Gamero, wounded in the head, lower back and abdomen, was "eviscerated," Assistant State's Attorney Jeffrey T. Wennar said, and Quito was stabbed in the back. Despite previous comments by law enforcement officials that the stabbings involved rival Latino gangs, Wennar said yesterday there is no proof that the victims were gang members.

"The attack was gang-involved and was directed by Mendoza and Hauffen," Wennar told the court.

Hauffen's sentence is the stiffest yet handed down in the Springbrook case. Mendoza pleaded guilty to the same offense as Hauffen but received an 18-month sentence May 12 from Judge John W. Debilius III. Guzman pleaded guilty to two counts of second-degree assault and was sentenced May 15 by Judge Katherine D. Savage to 88 days, the time he had already served in jail.

Public defender Samuel Delgado, representing Hauffen, asked that his client receive a comparable sentence, but Rupp refused, suggesting that the punishment given to the other defendants was too light. "It frankly concerns me," Rupp said at the sentencing.
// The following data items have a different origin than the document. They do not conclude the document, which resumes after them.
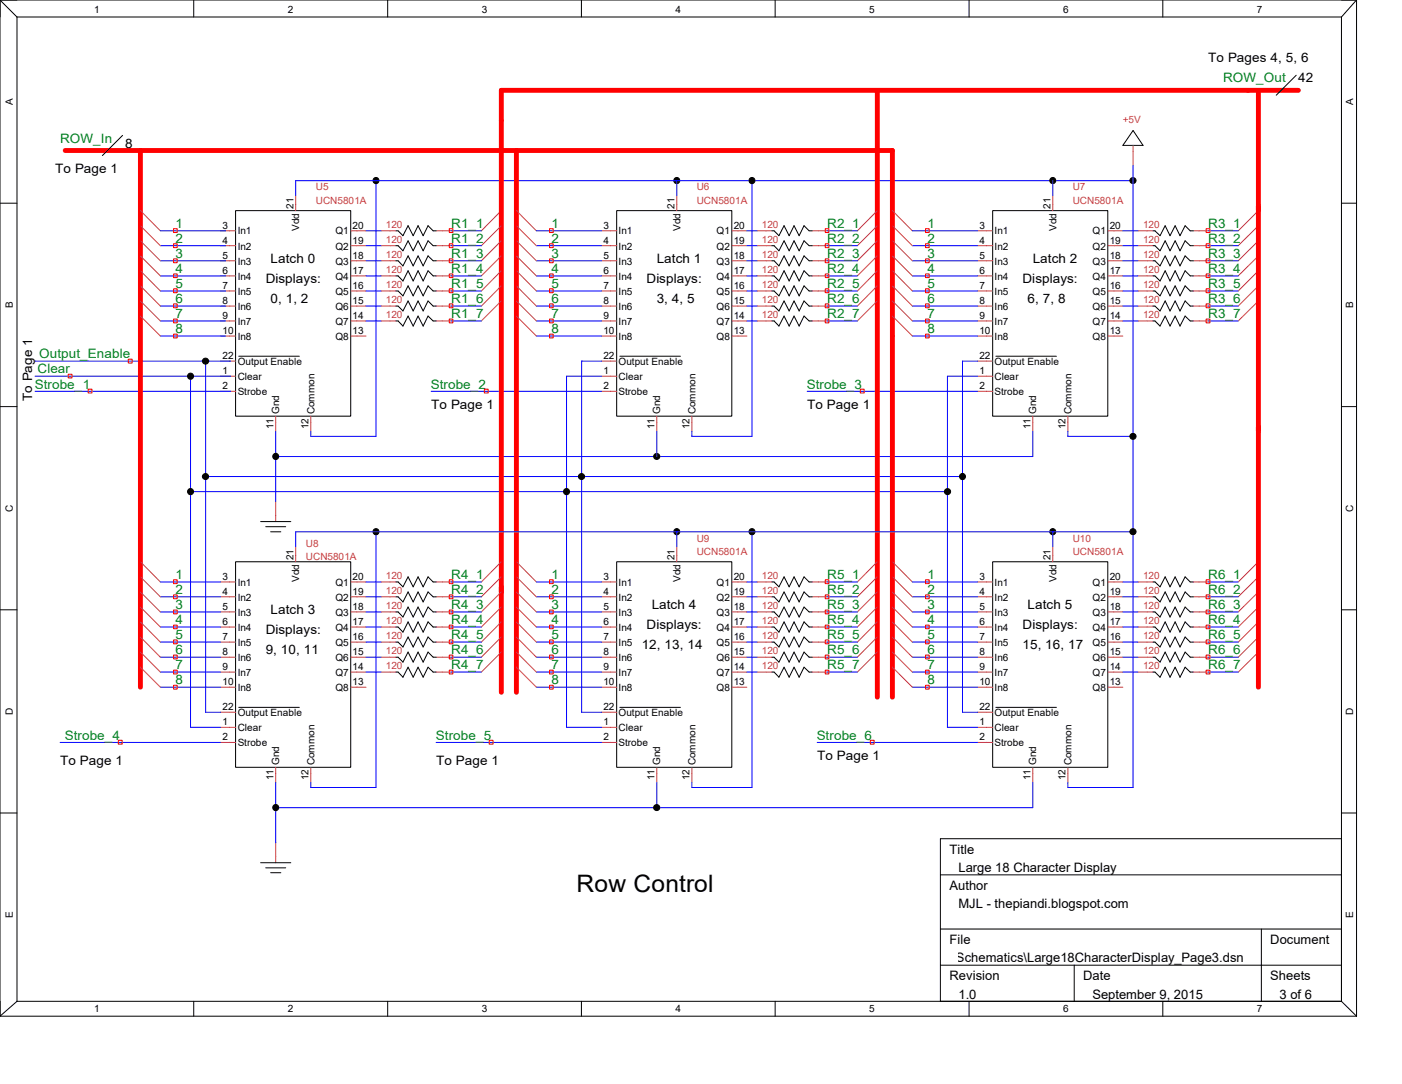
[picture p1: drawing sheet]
<svg xmlns="http://www.w3.org/2000/svg" width="279mm" height="216mm" viewBox="0 0 279 216" stroke-linecap="round" stroke-linejoin="round" font-family="sans-serif">
<g fill="none" stroke="#000" stroke-width=".2">
<path d="M0 0h270.3M0 0v202.4M0 0l3.4 3.4M3.4 3.4h263.9M3.4 3.4v196M38.6 0v3.4M77.3 0v3.4M115.9 0v3.4M154.5 0v3.4M193.1 0v3.4M231.7 0v3.4M258.3 15l-4 4"/>
<path d="M267.3 3.4v196M270.3 0v202.4M270.3 0l-3 3.4M24.4 27l-4 4M225.8 26l2 3h-4zM0 40.5h3.4M46.9 42h23v40.9h-23zM78.9 46h.4l1 .9 1-1.9 1 1.9 1-1.9 1 1.9 1-1.9 1 1h.6M78.9 48.9h.4l1 1.1 1-2 1 2 1-2 1 2 1-2 1 .9h.6M78.9 51.9h.4l1 1.1 1-2 1 2 1-2 1 2 1-2 1 .9h.6M78.9 54.9h.4l1 1.1 1-2.1 1 2.1 1-2.1 1 2.1 1-2.1 1 1h.6M78.9 58h.4l1 .9 1-2 1 2 1-2 1 2 1-2 1 1.1h.6"/>
<path d="M122.9 42h22.9v40.9h-22.9zM153.8 46h.5l.9 .9 1.1-1.9 1 1.9 .9-1.9 1.1 1.9 .9-1.9 1 1h.6M153.8 48.9h.5l.9 1.1 1.1-2 1 2 .9-2 1.1 2 .9-2 1 .9h.6M153.8 51.9h.5l.9 1.1 1.1-2 1 2 .9-2 1.1 2 .9-2 1 .9h.6M153.8 54.9h.5l.9 1.1 1.1-2.1 1 2.1 .9-2.1 1.1 2.1 .9-2.1 1 1h.6M153.8 58h.5l.9 .9 1.1-2 1 2 .9-2 1.1 2 .9-2 1 1.1h.6M197.8 42h23v40.9h-23zM229.8 46h.4l1 .9 1-1.9 1 1.9 1-1.9 1 1.9 1-1.9 1 1h.6M229.8 48.9h.4l1 1.1 1-2 1 2 1-2 1 2 1-2 1 .9h.6M229.8 51.9h.4l1 1.1 1-2 1 2 1-2 1 2 1-2 1 .9h.6M229.8 54.9h.4l1 1.1 1-2.1 1 2.1 1-2.1 1 2.1 1-2.1 1 1h.6M229.8 58h.4l1 .9 1-2 1 2 1-2 1 2 1-2 1 1.1h.6"/>
<path d="M267.3 40.5h3M47.6 71h12M78.9 61h.4l1 .9 1-2 1 2 1-2 1 2 1-2 1 1.1h.6M78.9 63.9h.4l1 1 1-2 1 2 1-2 1 2 1-2 1 1h.6M123.5 71h12.1M153.8 61h.5l.9 .9 1.1-2 1 2 .9-2 1.1 2 .9-2 1 1.1h.6M153.8 63.9h.5l.9 1 1.1-2 1 2 .9-2 1.1 2 .9-2 1 1h.6M198.5 71h12M229.8 61h.4l1 .9 1-2 1 2 1-2 1 2 1-2 1 1.1h.6M229.8 63.9h.4l1 1 1-2 1 2 1-2 1 2 1-2 1 1h.6M0 81h3.4M267.3 81h3"/>
<path d="M46.9 111.9h23v40.9h-23zM51.9 103.9h6.1M53 104.9h3.9M53.9 105.9h2.1M78.9 115.9h.4l1 1 1-2 1 2 1-2 1 2 1-2 1 1h.6M78.9 118.9h.4l1 1 1-2 1 2 1-2 1 2 1-2 1 1h.6M122.9 111.9h22.9v40.9h-22.9zM153.8 115.9h.5l.9 1 1.1-2 1 2 .9-2 1.1 2 .9-2 1 1h.6M153.8 118.9h.5l.9 1 1.1-2 1 2 .9-2 1.1 2 .9-2 1 1h.6M197.8 111.9h23v40.9h-23zM229.8 115.9h.4l1 1 1-2 1 2 1-2 1 2 1-2 1 1h.6M229.8 118.9h.4l1 1 1-2 1 2 1-2 1 2 1-2 1 1h.6"/>
<path d="M0 121.5h3.4M78.9 121.9h.4l1 1 1-2 1 2 1-2 1 2 1-2 1 1h.6M78.9 124.9h.4l1 1 1-2 1 2 1-2 1 2 1-2 1 1h.6M78.9 127.9h.4l1 1 1-2 1 2 1-2 1 2 1-2 1 1h.6M78.9 130.9h.4l1 1 1-2 1 2 1-2 1 2 1-2 1 1h.6M78.9 133.9h.4l1 1 1-2 1 2 1-2 1 2 1-2 1 1h.6M153.8 121.9h.5l.9 1 1.1-2 1 2 .9-2 1.1 2 .9-2 1 1h.6M153.8 124.9h.5l.9 1 1.1-2 1 2 .9-2 1.1 2 .9-2 1 1h.6M153.8 127.9h.5l.9 1 1.1-2 1 2 .9-2 1.1 2 .9-2 1 1h.6M153.8 130.9h.5l.9 1 1.1-2 1 2 .9-2 1.1 2 .9-2 1 1h.6M153.8 133.9h.5l.9 1 1.1-2 1 2 .9-2 1.1 2 .9-2 1 1h.6M229.8 121.9h.4l1 1 1-2 1 2 1-2 1 2 1-2 1 1h.6"/>
<path d="M229.8 124.9h.4l1 1 1-2 1 2 1-2 1 2 1-2 1 1h.6M229.8 127.9h.4l1 1 1-2 1 2 1-2 1 2 1-2 1 1h.6M229.8 130.9h.4l1 1 1-2 1 2 1-2 1 2 1-2 1 1h.6M229.8 133.9h.4l1 1 1-2 1 2 1-2 1 2 1-2 1 1h.6M267.3 121.5h3M47.6 140.9h12M123.5 140.9h12.1M198.5 140.9h12M0 161.9h3.4M51.9 171.8h6.1M53 172.8h3.9M53.9 173.8h2.1"/>
<path d="M187.4 174.2h79.9M267.3 167h-79.9v32.4M267.3 161.9h3M3.4 199.4h263.9M3.4 199.4l-3.4 3M38.6 199.4v3M77.3 199.4v3M115.9 199.4v3M154.5 199.4v3M187.4 185h79.9M187.4 192.2h79.9M193.1 199.4v3"/>
<path d="M214.1 192.2v7.2M231.7 199.4v3M251.4 185v14.4M267.3 199.4l3 3M0 202.4h270.3"/>
</g>
<g fill="none" stroke="#c04040" stroke-width=".2">
<path d="M58.9 38.9v3.1M134.9 38.9v3.1M209.8 38.9v3.1M225.8 29v4M28 42l4 4M28 45l4 3.9M28 48l4 3.9M28 51l4 3.9M28 53.9l4 4.1M28 56.9l4 4.1M28 59.9l4 4M43.9 46h3"/>
<path d="M43.9 48.9h3M43.9 51.9h3M43.9 54.9h3M43.9 58h3M69.9 46h3M69.9 48.9h3M69.9 51.9h3M69.9 54.9h3M69.9 58h3M75.9 46h3M75.9 48.9h3M75.9 51.9h3"/>
<path d="M75.9 54.9h3M75.9 58h3M86.9 46h3M86.9 48.9h3M86.9 51.9h3M86.9 54.9h3M86.9 58h3M99.9 42l-4 4M99.9 45l-4 3.9M99.9 48l-4 3.9M99.9 51l-4 3.9M99.9 53.9l-4 4.1"/>
<path d="M99.9 56.9l-4 4.1M99.9 59.9l-4 4M102.9 42l4 4M102.9 45l4 3.9M102.9 48l4 3.9M102.9 51l4 3.9M102.9 53.9l4 4.1M102.9 56.9l4 4.1M102.9 59.9l4 4M119.9 46h3M119.9 48.9h3M119.9 51.9h3"/>
<path d="M119.9 54.9h3M119.9 58h3M145.9 46h2.9M145.9 48.9h2.9M145.9 51.9h2.9M145.9 54.9h2.9M145.9 58h2.9M150.9 46h2.9M150.9 48.9h2.9M150.9 51.9h2.9M150.9 54.9h2.9M150.9 58h2.9"/>
<path d="M161.8 46h3M161.8 48.9h3M161.8 51.9h3M161.8 54.9h3M161.8 58h3M174.8 42l-3.9 4M174.8 45l-3.9 3.9M174.8 48l-3.9 3.9M174.8 51l-3.9 3.9M174.8 53.9l-3.9 4.1M174.8 56.9l-3.9 4.1M174.8 59.9l-3.9 4"/>
<path d="M177.8 42l4 4M177.8 45l4 3.9M177.8 48l4 3.9M177.8 51l4 3.9M177.8 53.9l4 4.1M177.8 56.9l4 4.1M177.8 59.9l4 4M194.8 46h3M194.8 48.9h3M194.8 51.9h3M194.8 54.9h3M194.8 58h3"/>
<path d="M220.8 46h3M220.8 48.9h3M220.8 51.9h3M220.8 54.9h3M220.8 58h3M226.8 46h3M226.8 48.9h3M226.8 51.9h3M226.8 54.9h3M226.8 58h3M237.8 46h3M237.8 48.9h3"/>
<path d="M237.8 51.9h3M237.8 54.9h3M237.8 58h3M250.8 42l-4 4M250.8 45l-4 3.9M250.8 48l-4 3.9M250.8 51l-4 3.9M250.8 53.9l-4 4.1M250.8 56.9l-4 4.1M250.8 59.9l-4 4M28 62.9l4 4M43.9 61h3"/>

Charges were dropped against two other men accused of involvement in the Springbrook stabbings -- Sanchez and Wilber Garcia-Martinez -- because they have been indicted on federal racketeering charges and await trial in U.S. District Court in Greenbelt.

Hauffen apologized in court for his actions. "I'm young, and I made a mistake," he said. Delgado said that although Hauffen associated with members of MS-13, he was not a member of the gang.

Candace Katter, executive director of Identify, a nonprofit organization that provides outreach programs for Latino youth in Montgomery County, testified on behalf of Hauffen, who did community service at the organization because of disciplinary problems. Hauffen is eager for rehabilitation and a chance to succeed, she said.